▼
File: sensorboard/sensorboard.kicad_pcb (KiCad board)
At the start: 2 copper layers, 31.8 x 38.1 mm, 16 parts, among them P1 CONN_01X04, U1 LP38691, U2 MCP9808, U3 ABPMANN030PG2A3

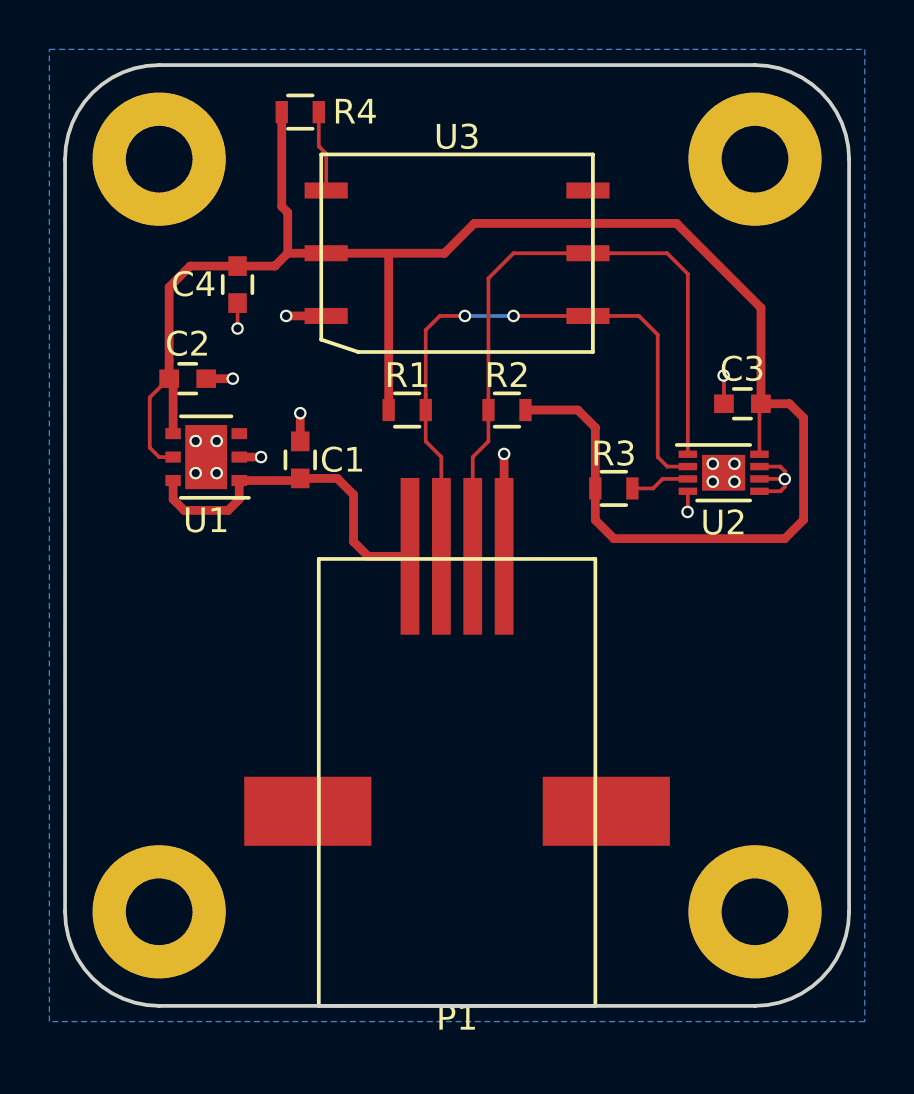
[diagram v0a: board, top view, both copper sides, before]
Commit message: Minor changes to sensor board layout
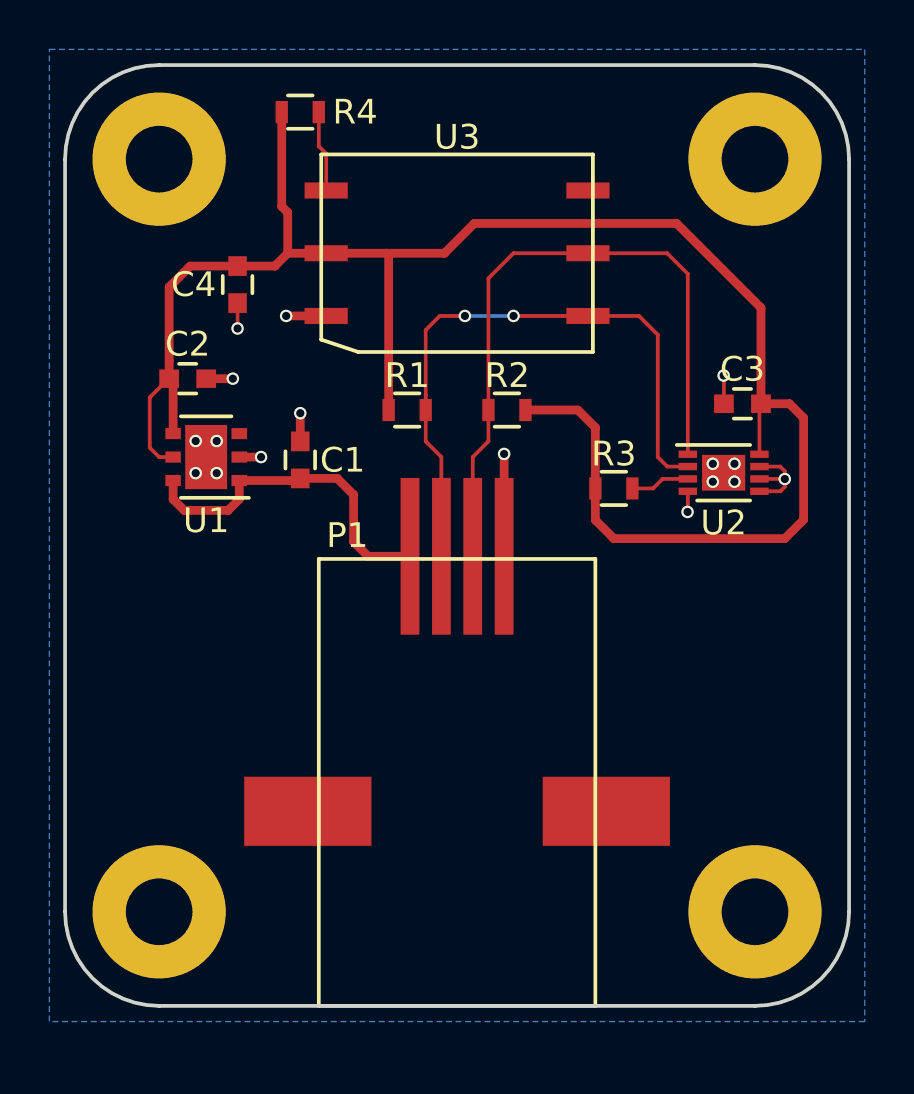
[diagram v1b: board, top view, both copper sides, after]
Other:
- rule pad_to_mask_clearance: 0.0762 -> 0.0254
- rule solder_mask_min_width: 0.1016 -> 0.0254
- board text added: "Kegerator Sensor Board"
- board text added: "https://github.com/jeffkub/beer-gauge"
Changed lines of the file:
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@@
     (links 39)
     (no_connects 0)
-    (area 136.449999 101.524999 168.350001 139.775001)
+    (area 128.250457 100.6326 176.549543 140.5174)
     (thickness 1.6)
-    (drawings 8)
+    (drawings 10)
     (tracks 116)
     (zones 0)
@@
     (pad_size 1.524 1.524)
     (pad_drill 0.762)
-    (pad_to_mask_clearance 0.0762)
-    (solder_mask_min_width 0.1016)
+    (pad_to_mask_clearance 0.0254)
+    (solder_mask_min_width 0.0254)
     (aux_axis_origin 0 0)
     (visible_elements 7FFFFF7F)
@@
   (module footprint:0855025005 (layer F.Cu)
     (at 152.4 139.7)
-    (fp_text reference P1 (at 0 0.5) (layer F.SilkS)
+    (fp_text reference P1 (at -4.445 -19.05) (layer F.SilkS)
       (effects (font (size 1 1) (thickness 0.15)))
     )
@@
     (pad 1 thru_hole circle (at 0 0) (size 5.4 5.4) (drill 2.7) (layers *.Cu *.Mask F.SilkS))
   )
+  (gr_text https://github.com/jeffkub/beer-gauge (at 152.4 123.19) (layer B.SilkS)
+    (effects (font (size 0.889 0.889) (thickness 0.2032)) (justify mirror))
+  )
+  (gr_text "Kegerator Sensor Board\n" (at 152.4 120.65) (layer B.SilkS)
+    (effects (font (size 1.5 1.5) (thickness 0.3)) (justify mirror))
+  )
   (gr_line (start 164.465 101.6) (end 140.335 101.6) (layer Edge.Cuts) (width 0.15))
▲
• **Exercise**: Using the records above, please retype only the run of lines from the line holding "[diagram v1b: board, top" through the last line, both ends included.

• **Response to the task**:
[diagram v1b: board, top view, both copper sides, after]
Other:
- rule pad_to_mask_clearance: 0.0762 -> 0.0254
- rule solder_mask_min_width: 0.1016 -> 0.0254
- board text added: "Kegerator Sensor Board"
- board text added: "https://github.com/jeffkub/beer-gauge"
Changed lines of the file:
@@
     (links 39)
     (no_connects 0)
-    (area 136.449999 101.524999 168.350001 139.775001)
+    (area 128.250457 100.6326 176.549543 140.5174)
     (thickness 1.6)
-    (drawings 8)
+    (drawings 10)
     (tracks 116)
     (zones 0)
@@
     (pad_size 1.524 1.524)
     (pad_drill 0.762)
-    (pad_to_mask_clearance 0.0762)
-    (solder_mask_min_width 0.1016)
+    (pad_to_mask_clearance 0.0254)
+    (solder_mask_min_width 0.0254)
     (aux_axis_origin 0 0)
     (visible_elements 7FFFFF7F)
@@
   (module footprint:0855025005 (layer F.Cu)
     (at 152.4 139.7)
-    (fp_text reference P1 (at 0 0.5) (layer F.SilkS)
+    (fp_text reference P1 (at -4.445 -19.05) (layer F.SilkS)
       (effects (font (size 1 1) (thickness 0.15)))
     )
@@
     (pad 1 thru_hole circle (at 0 0) (size 5.4 5.4) (drill 2.7) (layers *.Cu *.Mask F.SilkS))
   )
+  (gr_text https://github.com/jeffkub/beer-gauge (at 152.4 123.19) (layer B.SilkS)
+    (effects (font (size 0.889 0.889) (thickness 0.2032)) (justify mirror))
+  )
+  (gr_text "Kegerator Sensor Board\n" (at 152.4 120.65) (layer B.SilkS)
+    (effects (font (size 1.5 1.5) (thickness 0.3)) (justify mirror))
+  )
   (gr_line (start 164.465 101.6) (end 140.335 101.6) (layer Edge.Cuts) (width 0.15))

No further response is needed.